The scene is a familiar one. Towards the end of “The Wizard of Oz” the curtain is pulled back to reveal that the bluster and thunder of the powerful wizard is little more than the charade of an eccentric old man designed to manipulate others. Colleen Cunningham, a teacher at Franklin Heights High School in southwest Columbus, Ohio, recently watched a similar scene unfold with her students during a WebQuest focusing on the power and nature of advertising and its effect on how students save and spend their money.
The project arose from student responses to Ms. Cunningham’s question “what throws you off your budget?”. Students overwhelmingly stated that advertising creates the urge in them to overspend their budgets. “They told me that advertising convinces them that everyone else is buying this stuff, and that they should be buying it also,” Cunningham told Practical Money Skills. Cunningham decided to extend her curriculum and introduce a section on advertising and its relationship to personal financial management. “I thought that maybe if they understood advertising more, they’d have an easier time understanding why they’re buying things and learn to control their spending” says Cunningham.
Cunningham also felt that this curriculum block was a prime candidate for a WebQuest project. Developed in the mid-90s by Bernie Dodge and Tom March at San Diego State University, a WebQuest is an “inquiry-oriented activity” (Dodge, 1997) in which students use the Internet to gather primary and secondary materials. The students must then grapple with the information, analyze it, and demonstrate “an understanding of the material by creating something that others can respond to” (Dodge, 1997).
Cunningham worked with her Franklin Heights’s media specialist to provide the students with a list of web resources and media literacy clearinghouses as well as instructional forms as starting points for their own individual engagements with the topic. The students first evaluated their current understanding of advertising and the methods deployed by advertisers to persuade. Then they familiarized themselves with a core set of advertising methods-techniques advertisers use in various forms of advertising to target students and get them to buy. “I think I was most surprised how useful the PBS.org website was for the students” says Cunningham. “In particular, the Frontline series called “The Persuaders” really opened their eyes to how advertisers manipulate consumers.”
Students also watched dozens of ads, analyzing each based on the criteria and models they had developed earlier.
Finally, students had to produce their own ads using the techniques they had learned from their inquiries.

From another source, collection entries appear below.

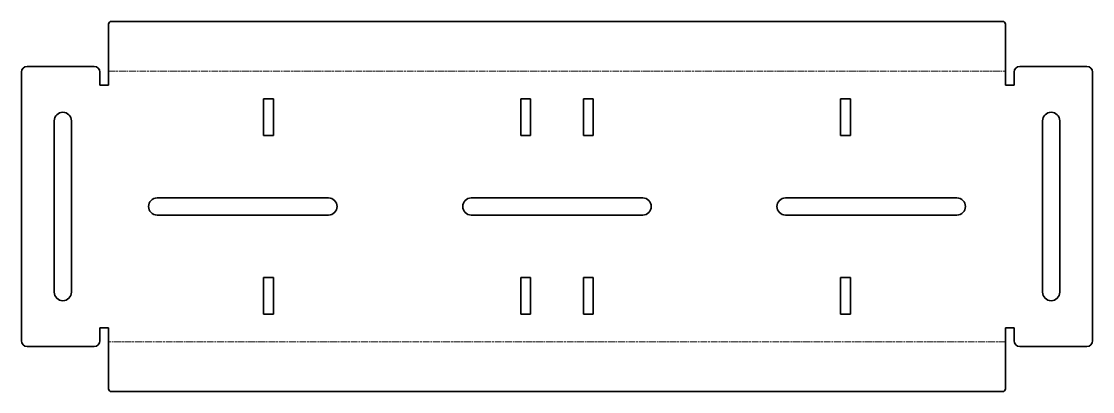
# Model space of a CAD drawing. Header units: millimetres. Extents: x 0 to 375, y 0 to 130.
import ezdxf

# ---------------------------------------------------------------- set-up
doc = ezdxf.new("R2010")
doc.units = ezdxf.units.MM
doc.linetypes.add('Chain', pattern=[13.68, 9.12, -1.14, 2.28, -1.14])
doc.layers.add('SIMUMAK Bend Centerline (ISO)', color=7, linetype='Chain', lineweight=9)
doc.layers.add('SIMUMAK Visible (ISO)', color=7, linetype='Continuous', lineweight=35)

# ---------------------------------------------------------------- blocks, each defined once
blk = doc.blocks.new('SIL-028-CCPD-01_Sheet_11_SIL-028-CCPD-01 (Desplegada)')
at = {"layer": 'SIMUMAK Bend Centerline (ISO)', "ltscale": 0.263158}
for p, q in [((-157, 47.39), (157, 47.39)), ((157, -47.39), (-157, -47.39))]:
    blk.add_line(p, q, dxfattribs=at)
at = {"layer": 'SIMUMAK Visible (ISO)'}
for p, q in [((-157, 63.79), (-157, 42.5)), ((-156, 64.79), (156, 64.79)), ((157, 42.5), (157, 63.79)), ((-185.5, 49), (-162, 49)), ((162, 49), (185.5, 49)), ((-187.5, -47), (-187.5, 47)), ((-160, 42.5), (-160, 47)), ((160, 47), (160, 42.5)), ((187.5, 47), (187.5, -47)), ((-157, 42.5), (-160, 42.5)), ((160, 42.5), (157, 42.5)), ((-102.7, 37.7), (-99.3, 37.7)), ((-102.7, 24.8), (-102.7, 37.7)), ((-99.3, 37.7), (-99.3, 24.8)), ((-12.7, 37.7), (-9.3, 37.7)), ((-12.7, 24.8), (-12.7, 37.7)), ((-9.3, 37.7), (-9.3, 24.8)), ((9.3, 37.7), (12.7, 37.7)), ((9.3, 24.8), (9.3, 37.7)), ((12.7, 37.7), (12.7, 24.8)), ((99.3, 37.7), (102.7, 37.7)), ((99.3, 24.8), (99.3, 37.7)), ((102.7, 37.7), (102.7, 24.8)), ((-176, -30), (-176, 30)), ((170, -30), (170, 30)), ((-170, 30), (-170, -30)), ((176, 30), (176, -30)), ((-99.3, 24.8), (-102.7, 24.8)), ((-9.3, 24.8), (-12.7, 24.8)), ((12.7, 24.8), (9.3, 24.8)), ((102.7, 24.8), (99.3, 24.8)), ((-140, 3), (-80, 3)), ((-30, 3), (30, 3)), ((80, 3), (140, 3)), ((-80, -3), (-140, -3)), ((30, -3), (-30, -3)), ((140, -3), (80, -3)), ((-102.7, -24.8), (-99.3, -24.8)), ((-102.7, -37.7), (-102.7, -24.8)), ((-99.3, -24.8), (-99.3, -37.7)), ((-12.7, -24.8), (-9.3, -24.8)), ((-12.7, -37.7), (-12.7, -24.8)), ((-9.3, -24.8), (-9.3, -37.7)), ((9.3, -24.8), (12.7, -24.8)), ((9.3, -37.7), (9.3, -24.8)), ((12.7, -24.8), (12.7, -37.7)), ((99.3, -24.8), (102.7, -24.8)), ((99.3, -37.7), (99.3, -24.8)), ((102.7, -24.8), (102.7, -37.7)), ((-99.3, -37.7), (-102.7, -37.7)), ((-9.3, -37.7), (-12.7, -37.7)), ((12.7, -37.7), (9.3, -37.7)), ((102.7, -37.7), (99.3, -37.7)), ((-160, -42.5), (-157, -42.5)), ((-160, -47), (-160, -42.5)), ((-157, -63.79), (-157, -42.5)), ((157, -42.5), (160, -42.5)), ((157, -63.79), (157, -42.5)), ((160, -42.5), (160, -47)), ((-162, -49), (-185.5, -49)), ((185.5, -49), (162, -49)), ((156, -64.79), (-156, -64.79))]:
    blk.add_line(p, q, dxfattribs=at)
at = {"layer": 'SIMUMAK Visible (ISO)', "extrusion": (0, 0, -1)}
for centre, radius, start, end in [((156, 63.79), 1, 0, 90), ((-156, 63.79), 1, 90, 180), ((185.5, 47), 2, 0, 90), ((162, 47), 2, 90, 180), ((-162, 47), 2, 360, 90), ((-185.5, 47), 2, 90, 180), ((173, 30), 3, 0, 180), ((-173, 30), 3, 360, 180), ((140, 0), 3, 270, 90), ((80, 0), 3, 90, 270), ((30, 0), 3, 270, 90), ((-30, 0), 3, 90, 270), ((-80, 0), 3, 270, 90), ((-140, 0), 3, 90, 270), ((173, -30), 3, 180, 0), ((-173, -30), 3, 180, 360), ((185.5, -47), 2, 270, 0), ((162, -47), 2, 180, 270), ((-162, -47), 2, 270, 0), ((-185.5, -47), 2, 180, 270), ((156, -63.79), 1, 270, 0), ((-156, -63.79), 1, 180, 270)]:
    blk.add_arc(centre, radius, start, end, dxfattribs=at)

msp = doc.modelspace()

# ---------------------------------------------------------------- block references
msp.add_blockref('SIL-028-CCPD-01_Sheet_11_SIL-028-CCPD-01 (Desplegada)', (187.5, 64.79))

doc.saveas('drawing.dxf')

Each student was responsible for both a print ad and a radio or TV (video) spot. Students were not evaluated on the production values of their ads but rather on how successfully they integrated the methods they’d uncovered in their own research.
In post-project evaluations, nearly all Cunningham’s students stated that they have a richer understanding of how advertising affects their buying decisions and feel more in control, and more aware of how their being pitched. “My students went into this project thinking that what advertisers told them was the truth--that everyone buys these things, has these things, and they should too, says Cunningham. “They came out of the project realizing that this was just an impression being told to them and repeated constantly and it sets up a vicious cycle. Students get a lot of pressure to buy things they cannot afford. This really opened their eyes and changed their attitudes towards things.”
Practical Money Skills for Life recognizes Ms. Colleen Cunningham, of Franklin Heights High School, as our May 2007 Innovative Educator.